# [Material for the task]

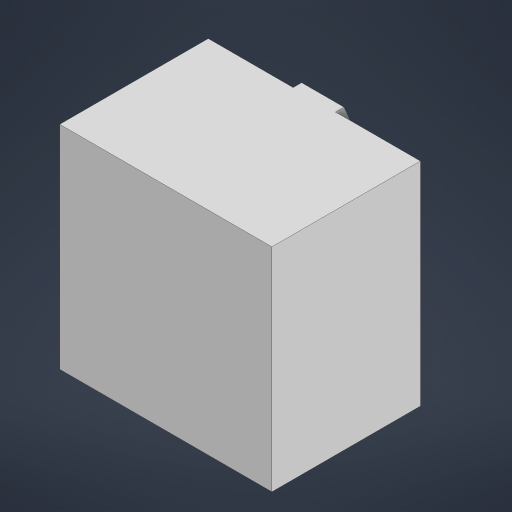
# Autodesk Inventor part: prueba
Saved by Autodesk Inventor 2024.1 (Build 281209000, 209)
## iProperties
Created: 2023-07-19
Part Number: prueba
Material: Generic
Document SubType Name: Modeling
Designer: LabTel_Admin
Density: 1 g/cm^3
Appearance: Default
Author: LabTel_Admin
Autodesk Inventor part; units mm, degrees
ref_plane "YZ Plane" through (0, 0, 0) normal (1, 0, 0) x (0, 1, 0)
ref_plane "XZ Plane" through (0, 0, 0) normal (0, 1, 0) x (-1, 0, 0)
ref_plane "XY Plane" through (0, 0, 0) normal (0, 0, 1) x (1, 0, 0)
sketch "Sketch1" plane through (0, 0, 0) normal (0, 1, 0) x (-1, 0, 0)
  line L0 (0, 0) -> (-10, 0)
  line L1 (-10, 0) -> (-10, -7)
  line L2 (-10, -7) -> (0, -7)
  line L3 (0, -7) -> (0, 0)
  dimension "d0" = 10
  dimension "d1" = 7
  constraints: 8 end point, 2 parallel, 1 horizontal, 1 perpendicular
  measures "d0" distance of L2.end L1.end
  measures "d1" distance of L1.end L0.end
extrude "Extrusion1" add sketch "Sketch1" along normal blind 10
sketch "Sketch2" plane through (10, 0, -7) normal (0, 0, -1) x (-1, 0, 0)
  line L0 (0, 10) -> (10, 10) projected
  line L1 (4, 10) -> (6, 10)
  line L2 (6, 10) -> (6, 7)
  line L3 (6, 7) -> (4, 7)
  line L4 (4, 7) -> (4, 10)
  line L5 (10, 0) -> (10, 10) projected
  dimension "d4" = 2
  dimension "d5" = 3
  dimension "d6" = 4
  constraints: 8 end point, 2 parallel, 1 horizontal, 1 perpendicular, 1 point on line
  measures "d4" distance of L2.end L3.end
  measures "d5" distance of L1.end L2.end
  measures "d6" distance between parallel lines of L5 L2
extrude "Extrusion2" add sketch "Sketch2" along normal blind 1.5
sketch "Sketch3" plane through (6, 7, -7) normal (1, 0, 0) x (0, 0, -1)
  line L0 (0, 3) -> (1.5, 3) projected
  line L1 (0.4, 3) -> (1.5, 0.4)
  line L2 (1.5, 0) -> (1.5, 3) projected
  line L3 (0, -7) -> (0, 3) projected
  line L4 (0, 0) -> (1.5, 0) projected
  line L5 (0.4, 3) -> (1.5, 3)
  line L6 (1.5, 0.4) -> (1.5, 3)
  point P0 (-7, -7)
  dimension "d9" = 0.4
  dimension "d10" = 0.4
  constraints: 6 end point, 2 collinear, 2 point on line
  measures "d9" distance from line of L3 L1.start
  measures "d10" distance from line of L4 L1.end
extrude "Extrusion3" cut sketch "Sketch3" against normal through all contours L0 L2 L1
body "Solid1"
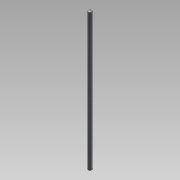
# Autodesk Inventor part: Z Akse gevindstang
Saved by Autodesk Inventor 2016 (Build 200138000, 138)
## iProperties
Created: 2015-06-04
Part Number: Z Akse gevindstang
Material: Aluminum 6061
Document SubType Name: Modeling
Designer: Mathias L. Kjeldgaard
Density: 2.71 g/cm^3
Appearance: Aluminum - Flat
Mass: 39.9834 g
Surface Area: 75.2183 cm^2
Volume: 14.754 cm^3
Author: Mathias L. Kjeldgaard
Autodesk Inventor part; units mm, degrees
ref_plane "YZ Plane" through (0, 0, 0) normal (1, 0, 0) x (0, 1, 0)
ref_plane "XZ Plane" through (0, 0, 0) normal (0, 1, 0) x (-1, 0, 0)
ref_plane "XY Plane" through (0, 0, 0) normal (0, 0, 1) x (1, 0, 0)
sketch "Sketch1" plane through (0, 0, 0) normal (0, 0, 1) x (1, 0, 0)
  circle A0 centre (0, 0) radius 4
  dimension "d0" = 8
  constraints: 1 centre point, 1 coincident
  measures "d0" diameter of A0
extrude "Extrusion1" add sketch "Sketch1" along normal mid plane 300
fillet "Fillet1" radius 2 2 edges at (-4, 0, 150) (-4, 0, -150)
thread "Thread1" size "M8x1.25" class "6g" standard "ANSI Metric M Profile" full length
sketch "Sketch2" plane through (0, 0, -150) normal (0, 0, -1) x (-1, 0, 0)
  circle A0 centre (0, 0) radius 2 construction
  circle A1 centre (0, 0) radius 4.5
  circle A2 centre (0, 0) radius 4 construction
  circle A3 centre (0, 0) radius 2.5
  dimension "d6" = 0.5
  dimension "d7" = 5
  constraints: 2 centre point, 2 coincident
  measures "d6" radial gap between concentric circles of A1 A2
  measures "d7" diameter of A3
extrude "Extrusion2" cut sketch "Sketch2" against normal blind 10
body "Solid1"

# [Directions for this task]
Everything in the listing should be copied exactly, apart from the images it holds.

# [Exercise response]
# Autodesk Inventor part: prueba
Saved by Autodesk Inventor 2024.1 (Build 281209000, 209)
## iProperties
Created: 2023-07-19
Part Number: prueba
Material: Generic
Document SubType Name: Modeling
Designer: LabTel_Admin
Density: 1 g/cm^3
Appearance: Default
Author: LabTel_Admin
Autodesk Inventor part; units mm, degrees
ref_plane "YZ Plane" through (0, 0, 0) normal (1, 0, 0) x (0, 1, 0)
ref_plane "XZ Plane" through (0, 0, 0) normal (0, 1, 0) x (-1, 0, 0)
ref_plane "XY Plane" through (0, 0, 0) normal (0, 0, 1) x (1, 0, 0)
sketch "Sketch1" plane through (0, 0, 0) normal (0, 1, 0) x (-1, 0, 0)
  line L0 (0, 0) -> (-10, 0)
  line L1 (-10, 0) -> (-10, -7)
  line L2 (-10, -7) -> (0, -7)
  line L3 (0, -7) -> (0, 0)
  dimension "d0" = 10
  dimension "d1" = 7
  constraints: 8 end point, 2 parallel, 1 horizontal, 1 perpendicular
  measures "d0" distance of L2.end L1.end
  measures "d1" distance of L1.end L0.end
extrude "Extrusion1" add sketch "Sketch1" along normal blind 10
sketch "Sketch2" plane through (10, 0, -7) normal (0, 0, -1) x (-1, 0, 0)
  line L0 (0, 10) -> (10, 10) projected
  line L1 (4, 10) -> (6, 10)
  line L2 (6, 10) -> (6, 7)
  line L3 (6, 7) -> (4, 7)
  line L4 (4, 7) -> (4, 10)
  line L5 (10, 0) -> (10, 10) projected
  dimension "d4" = 2
  dimension "d5" = 3
  dimension "d6" = 4
  constraints: 8 end point, 2 parallel, 1 horizontal, 1 perpendicular, 1 point on line
  measures "d4" distance of L2.end L3.end
  measures "d5" distance of L1.end L2.end
  measures "d6" distance between parallel lines of L5 L2
extrude "Extrusion2" add sketch "Sketch2" along normal blind 1.5
sketch "Sketch3" plane through (6, 7, -7) normal (1, 0, 0) x (0, 0, -1)
  line L0 (0, 3) -> (1.5, 3) projected
  line L1 (0.4, 3) -> (1.5, 0.4)
  line L2 (1.5, 0) -> (1.5, 3) projected
  line L3 (0, -7) -> (0, 3) projected
  line L4 (0, 0) -> (1.5, 0) projected
  line L5 (0.4, 3) -> (1.5, 3)
  line L6 (1.5, 0.4) -> (1.5, 3)
  point P0 (-7, -7)
  dimension "d9" = 0.4
  dimension "d10" = 0.4
  constraints: 6 end point, 2 collinear, 2 point on line
  measures "d9" distance from line of L3 L1.start
  measures "d10" distance from line of L4 L1.end
extrude "Extrusion3" cut sketch "Sketch3" against normal through all contours L0 L2 L1
body "Solid1"
# Autodesk Inventor part: Z Akse gevindstang
Saved by Autodesk Inventor 2016 (Build 200138000, 138)
## iProperties
Created: 2015-06-04
Part Number: Z Akse gevindstang
Material: Aluminum 6061
Document SubType Name: Modeling
Designer: Mathias L. Kjeldgaard
Density: 2.71 g/cm^3
Appearance: Aluminum - Flat
Mass: 39.9834 g
Surface Area: 75.2183 cm^2
Volume: 14.754 cm^3
Author: Mathias L. Kjeldgaard
Autodesk Inventor part; units mm, degrees
ref_plane "YZ Plane" through (0, 0, 0) normal (1, 0, 0) x (0, 1, 0)
ref_plane "XZ Plane" through (0, 0, 0) normal (0, 1, 0) x (-1, 0, 0)
ref_plane "XY Plane" through (0, 0, 0) normal (0, 0, 1) x (1, 0, 0)
sketch "Sketch1" plane through (0, 0, 0) normal (0, 0, 1) x (1, 0, 0)
  circle A0 centre (0, 0) radius 4
  dimension "d0" = 8
  constraints: 1 centre point, 1 coincident
  measures "d0" diameter of A0
extrude "Extrusion1" add sketch "Sketch1" along normal mid plane 300
fillet "Fillet1" radius 2 2 edges at (-4, 0, 150) (-4, 0, -150)
thread "Thread1" size "M8x1.25" class "6g" standard "ANSI Metric M Profile" full length
sketch "Sketch2" plane through (0, 0, -150) normal (0, 0, -1) x (-1, 0, 0)
  circle A0 centre (0, 0) radius 2 construction
  circle A1 centre (0, 0) radius 4.5
  circle A2 centre (0, 0) radius 4 construction
  circle A3 centre (0, 0) radius 2.5
  dimension "d6" = 0.5
  dimension "d7" = 5
  constraints: 2 centre point, 2 coincident
  measures "d6" radial gap between concentric circles of A1 A2
  measures "d7" diameter of A3
extrude "Extrusion2" cut sketch "Sketch2" against normal blind 10
body "Solid1"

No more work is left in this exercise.